***** INFORMATION SUPPLIED
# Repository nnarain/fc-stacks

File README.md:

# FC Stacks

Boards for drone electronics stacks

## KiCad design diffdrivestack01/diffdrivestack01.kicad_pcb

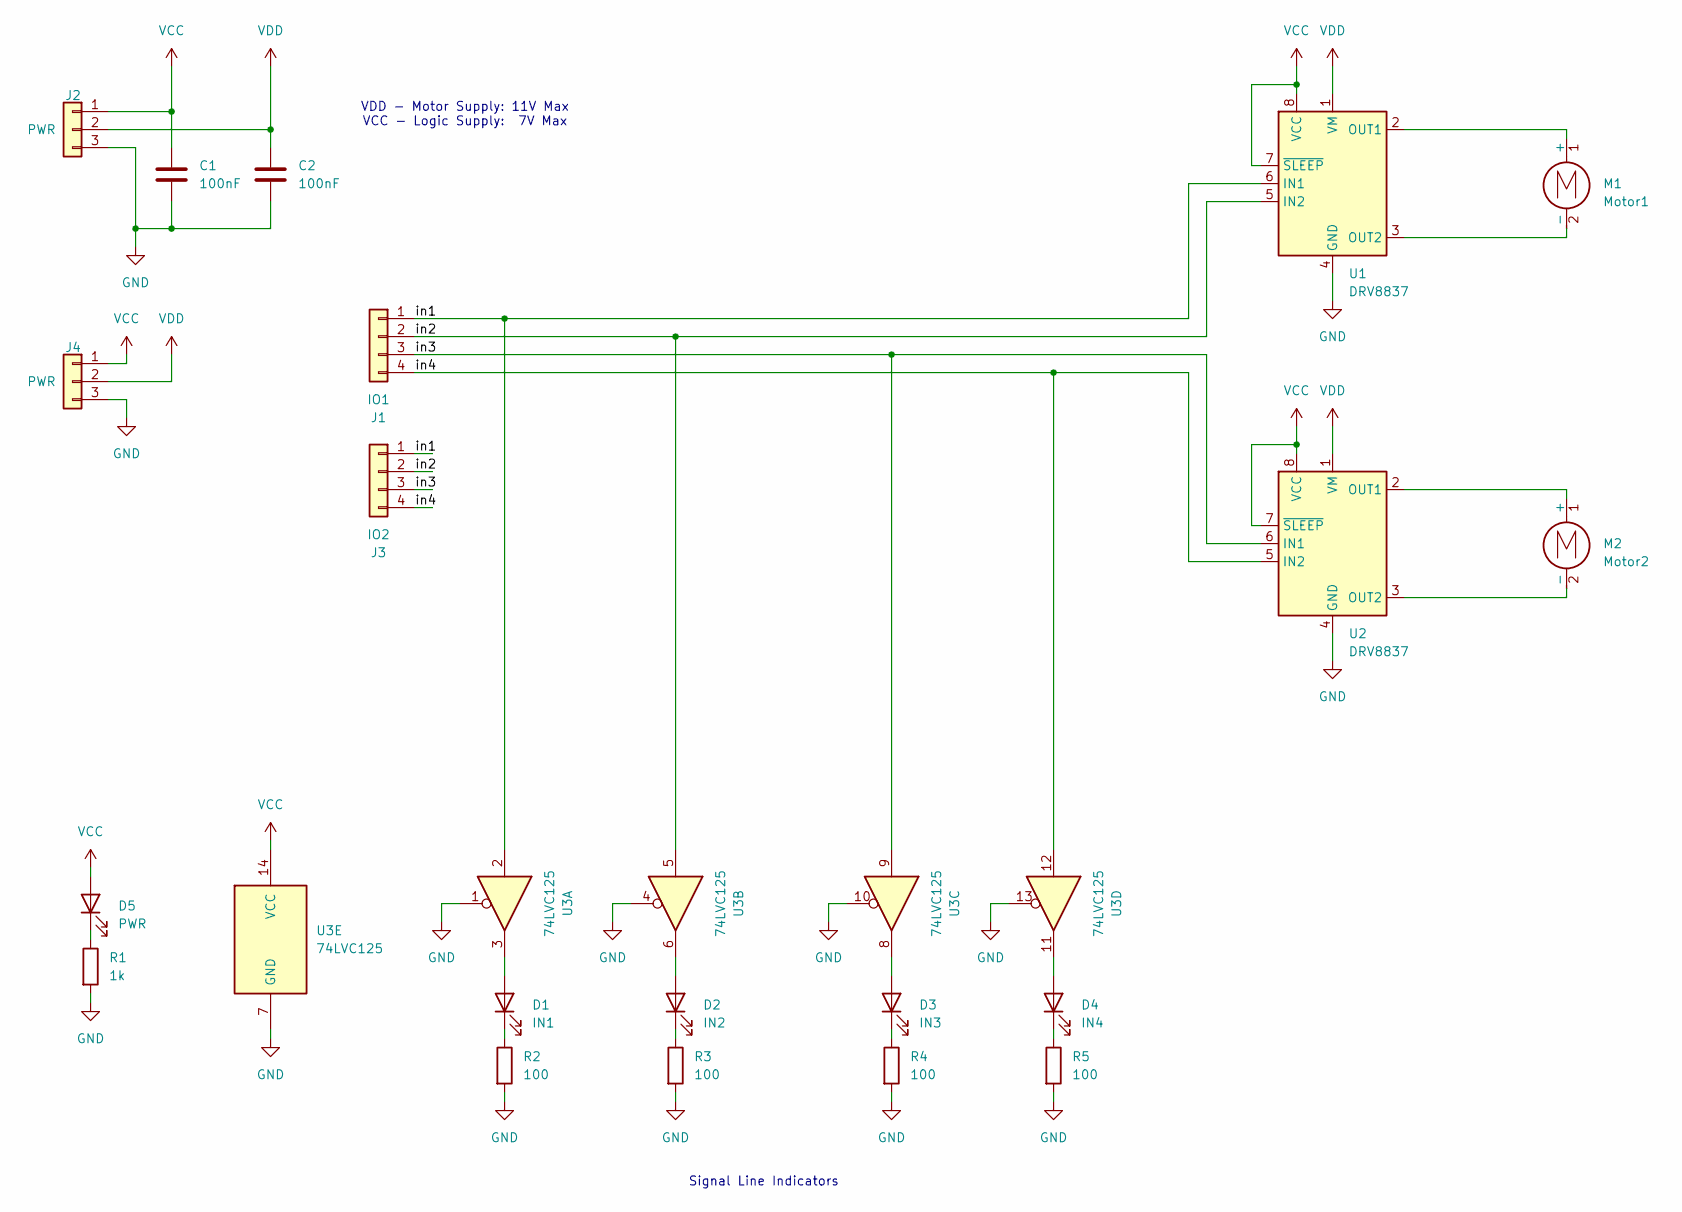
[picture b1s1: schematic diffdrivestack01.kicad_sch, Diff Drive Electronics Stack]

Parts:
C1, C2: 100nF; C_0402_1005Metric
D1: IN1; LED_0603_1608Metric; LCSC C5252984
D2: IN2; LED_0603_1608Metric; LCSC C5252984
D3: IN3; LED_0603_1608Metric; LCSC C5252984
D4: IN4; LED_0603_1608Metric; LCSC C5252984
D5: PWR; LED_0603_1608Metric; LCSC C2286
J1: IO1; SMD_4x1_1.5x1.5mm_1
J2, J4: PWR; SMD_3x1_1.5x1.5mm
J3: IO2; SMD_4x1_1.5x1.5mm_1
M1: Motor1; SMD_2x1_1.5x1.5mm
M2: Motor2; SMD_2x1_1.5x1.5mm
R1: 1k; R_0402_1005Metric; LCSC C25543
R2, R3, R4, R5: 100; R_0402_1005Metric; LCSC C25076
U1, U2: DRV8837; WSON-8-1EP_2x2mm_P0.5mm_EP0.9x1.6mm
U3: 74LVC125; TSSOP-14_4.4x5mm_P0.65mm; LCSC C6059

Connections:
/in1: J1.1, J3.1, U1.6 (IN1), U3.2
/in2: J1.2, J3.2, U1.5 (IN2), U3.5
/in3: J1.3, J3.3, U2.6 (IN1), U3.9
/in4: J1.4, J3.4, U2.5 (IN2), U3.12
GND: C1.2, C2.2, J2.3, J4.3, R1.2, R2.2, R3.2, R4.2, R5.2, U1.4 (GND), U1.9 (GND), U2.4 (GND), U2.9 (GND), U3.1, U3.4, U3.7 (GND), U3.10, U3.13
unnamed: D1.2 (A), U3.3
unnamed: D1.1 (K), R2.1
unnamed: D2.2 (A), U3.6
unnamed: D2.1 (K), R3.1
unnamed: D3.2 (A), U3.8
unnamed: D3.1 (K), R4.1
unnamed: D4.2 (A), U3.11
unnamed: D4.1 (K), R5.1
unnamed: D5.1 (K), R1.1
unnamed: M1.1 (+), U1.2 (OUT1)
unnamed: M1.2 (-), U1.3 (OUT2)
unnamed: M2.1 (+), U2.2 (OUT1)
unnamed: M2.2 (-), U2.3 (OUT2)
VCC: C1.1, D5.2 (A), J2.1, J4.1, U1.7 (~SLEEP), U1.8 (VCC), U2.7 (~SLEEP), U2.8 (VCC), U3.14 (VCC)
VDD: C2.1, J2.2, J4.2, U1.1 (VM), U2.1 (VM)

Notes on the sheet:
VDD - Motor Supply: 11V Max VCC - Logic Supply: 7V Max
Signal Line Indicators

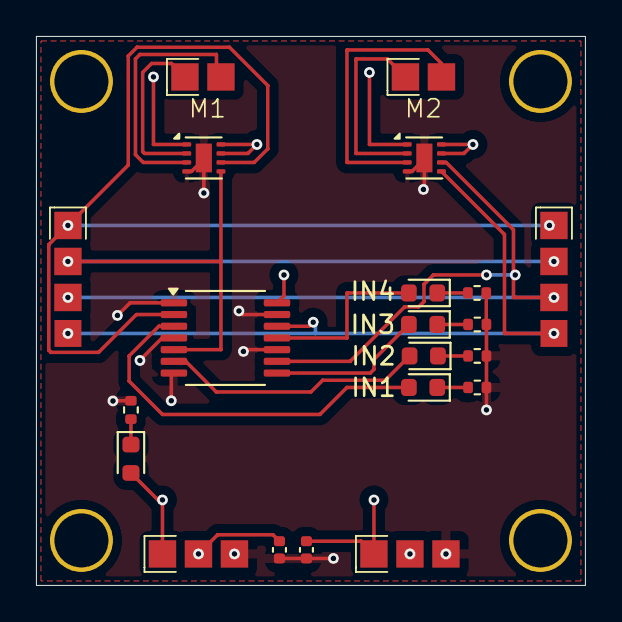
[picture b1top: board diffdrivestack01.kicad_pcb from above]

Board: 4 copper layers, 30.5 x 30.5 mm, 21 parts (0 on the bottom side), 20 nets.

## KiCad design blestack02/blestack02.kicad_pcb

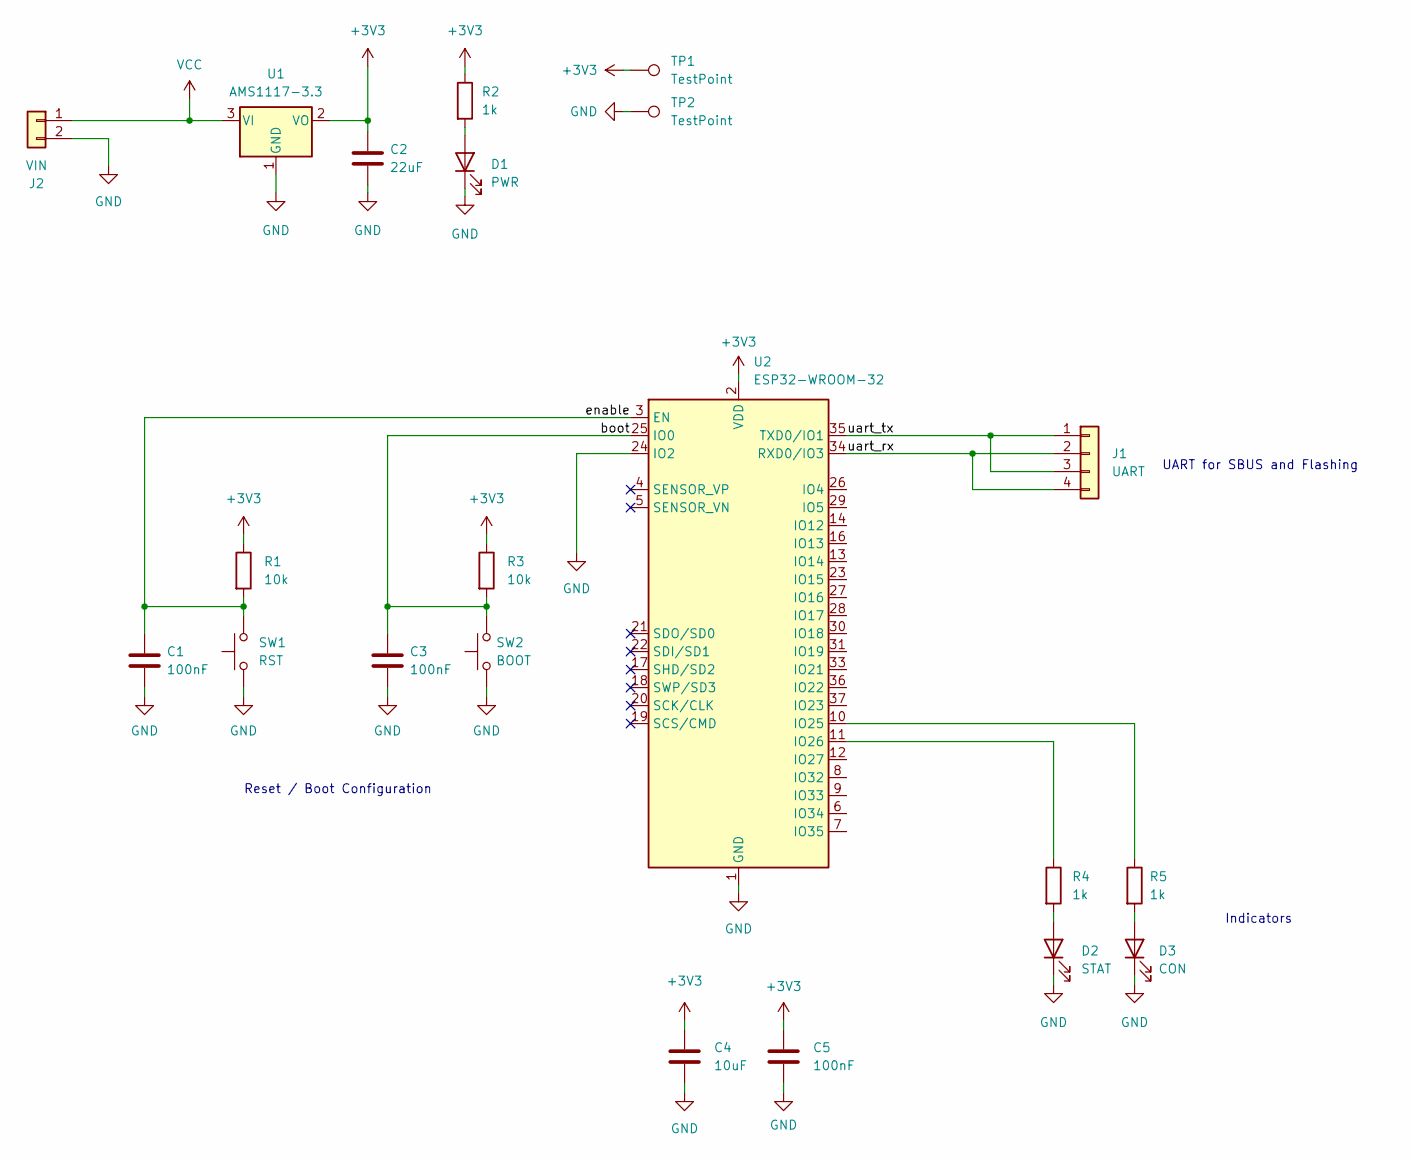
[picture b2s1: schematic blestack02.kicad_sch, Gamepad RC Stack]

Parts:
C1, C3, C5: 100nF; C_0402_1005Metric; LCSC C307331
C2: 22uF; CP_EIA-3216-18_Kemet-A; LCSC C116575
C4: 10uF; C_0402_1005Metric; LCSC C15525
D1: PWR; LED_0603_1608Metric; LCSC C2286
D2: STAT; LED_0603_1608Metric; LCSC C72043
D3: CON; LED_0603_1608Metric; LCSC C72041
J1: UART; PinHeader_1x04_P2.54mm_Vertical
J2: VIN; PinHeader_1x02_P2.54mm_Vertical
R1, R3: 10k; R_0402_1005Metric; LCSC C25744
R2, R4, R5: 1k; R_0402_1005Metric; LCSC C25543
SW1: RST; TS-1088-AR02016; LCSC C720477
SW2: BOOT; TS-1088-AR02016; LCSC C720477
TP1, TP2: TestPoint; TestPoint_Pad_1.0x1.0mm
U1: AMS1117-3.3; SOT-223-3_TabPin2; LCSC C6186
U2: ESP32-WROOM-32; LCSC C82899

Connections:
+3V3: C2.1, C4.1, C5.1, R1.1, R2.1, R3.1, TP1.1, U1.2 (VO), U2.2 (VDD)
/boot: C3.1, R3.2, SW2.2, U2.25 (IO0)
/enable: C1.1, R1.2, SW1.2, U2.3 (EN)
/uart_rx: J1.2, J1.4, U2.34 (RXD0/IO3)
/uart_tx: J1.1, J1.3, U2.35 (TXD0/IO1)
GND: C1.2, C2.2, C3.2, C4.2, C5.2, D1.1 (K), D2.1 (K), D3.1 (K), J2.2, SW1.1, SW2.1, TP2.1, U1.1 (GND), U2.1 (GND), U2.15 (GND), U2.24 (IO2), U2.38 (GND), U2.39 (GND)
unnamed: D1.2 (A), R2.2
unnamed: D2.2 (A), R4.2
unnamed: D3.2 (A), R5.2
unnamed: R5.1, U2.10 (IO25)
unnamed: R4.1, U2.11 (IO26)
VCC: J2.1, U1.3 (VI)

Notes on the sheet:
UART for SBUS and Flashing
Indicators
Reset / Boot Configuration

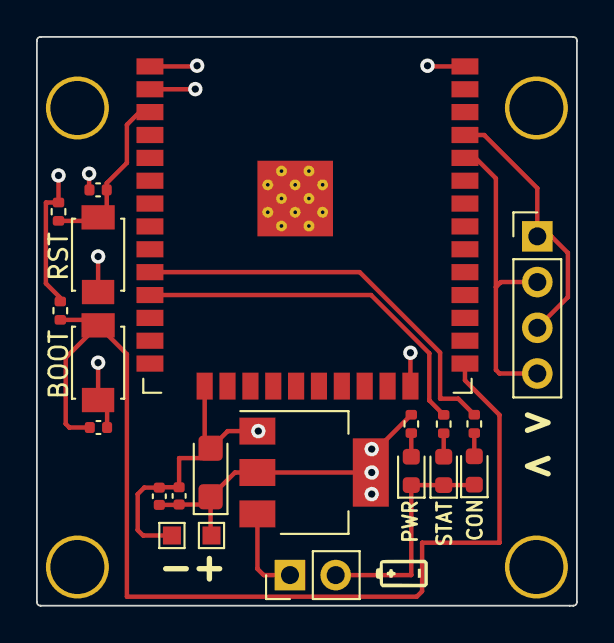
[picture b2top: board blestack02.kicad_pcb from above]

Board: 4 copper layers, 30.0 x 31.6 mm, 21 parts (0 on the bottom side), 12 nets.

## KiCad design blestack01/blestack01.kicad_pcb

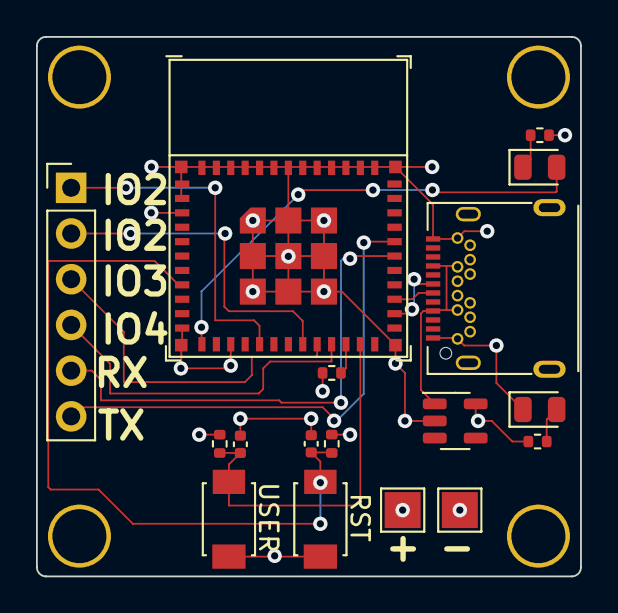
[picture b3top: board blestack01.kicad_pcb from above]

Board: 4 copper layers, 30.2 x 30.0 mm, 17 parts (0 on the bottom side), 17 nets.

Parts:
C1, C2: 100nF; C_0402_1005Metric
D1: LED; LED_0805_2012Metric
D2: PWR; LED_0805_2012Metric
J1: IO; PinHeader_1x06_P2.54mm_Vertical
P1: USB_C_Plug_USB2.0; TYPE-C-31-M-04
R1, R5: 1k; R_0402_1005Metric
R2, R3, R4: 10k; R_0402_1005Metric
SW1: USER; TS-1088-AR02016
SW2: RST; TS-1088-AR02016
TP1: TP_3V3; TestPoint_Pad_2.0x2.0mm
TP2: TP_GND; TestPoint_Pad_2.0x2.0mm
U1: AP2112K-3.3; SOT-23-5
U2: ESP32-C3-MINI-1

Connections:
+3V3: R1.1, R2.1, R3.1, R4.1, TP1.1, U1.5 (VOUT), U2.3 (3V3)
/usb_dm: P1.A7 (D-), U2.26 (GPIO18/USB_D-)
/usb_dp: P1.A6 (D+), U2.27 (GPIO19/USB_D+)
GND: C1.2, C2.2, D2.1 (K), P1.A1 (GND), P1.A12 (GND), P1.B1 (GND), P1.B12 (GND), R5.2, SW1.2, SW2.2, TP2.1, U1.2 (GND), U2.1 (GND), U2.2 (GND), U2.11 (GND), U2.14 (GND), U2.36 (GND)
unnamed: C1.1, R3.2, SW2.1, U2.8 (EN/CHIP_PU)
unnamed: C2.1, R4.2, SW1.1, U2.23 (GPIO9)
unnamed: D1.1 (K), R5.1
unnamed: D1.2 (A), U2.12 (GPIO0/ADC1_CH0/XTAL_32K_P)
unnamed: D2.2 (A), R1.2
unnamed: J1.1, U2.16 (GPIO10)
unnamed: J1.2, U2.19 (GPIO5/ADC2_CH0)
unnamed: J1.3, U2.20 (GPIO6)
unnamed: J1.4, U2.21 (GPIO7)
unnamed: J1.5, U2.30 (GPIO20/U0RXD)
unnamed: J1.6, U2.31 (GPIO21/U0TXD)
unnamed: R2.2, U2.22 (GPIO8)
VBUS: P1.A4 (VBUS), P1.A9 (VBUS), P1.B4 (VBUS), P1.B9 (VBUS), U1.1 (VIN)

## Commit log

2023-03-27 ESP32-C3 FC Stack
2023-10-15 Gamepad Stack
2024-08-05 kicad update
2024-08-10 [blestack02] Update pins for stat and con leds
2024-08-10 added python build script
2024-08-10 update LED JLCPCB part number
2024-11-08 diff drive stack
**********
WORK ITEM
What is needed is an exact retyping of every line from the one containing "unnamed: D1.2 (A), U2.12" through the final line of the entries, and only those lines.

EXERCISE RESULT
unnamed: D1.2 (A), U2.12 (GPIO0/ADC1_CH0/XTAL_32K_P)
unnamed: D2.2 (A), R1.2
unnamed: J1.1, U2.16 (GPIO10)
unnamed: J1.2, U2.19 (GPIO5/ADC2_CH0)
unnamed: J1.3, U2.20 (GPIO6)
unnamed: J1.4, U2.21 (GPIO7)
unnamed: J1.5, U2.30 (GPIO20/U0RXD)
unnamed: J1.6, U2.31 (GPIO21/U0TXD)
unnamed: R2.2, U2.22 (GPIO8)
VBUS: P1.A4 (VBUS), P1.A9 (VBUS), P1.B4 (VBUS), P1.B9 (VBUS), U1.1 (VIN)

## Commit log

2023-03-27 ESP32-C3 FC Stack
2023-10-15 Gamepad Stack
2024-08-05 kicad update
2024-08-10 [blestack02] Update pins for stat and con leds
2024-08-10 added python build script
2024-08-10 update LED JLCPCB part number
2024-11-08 diff drive stack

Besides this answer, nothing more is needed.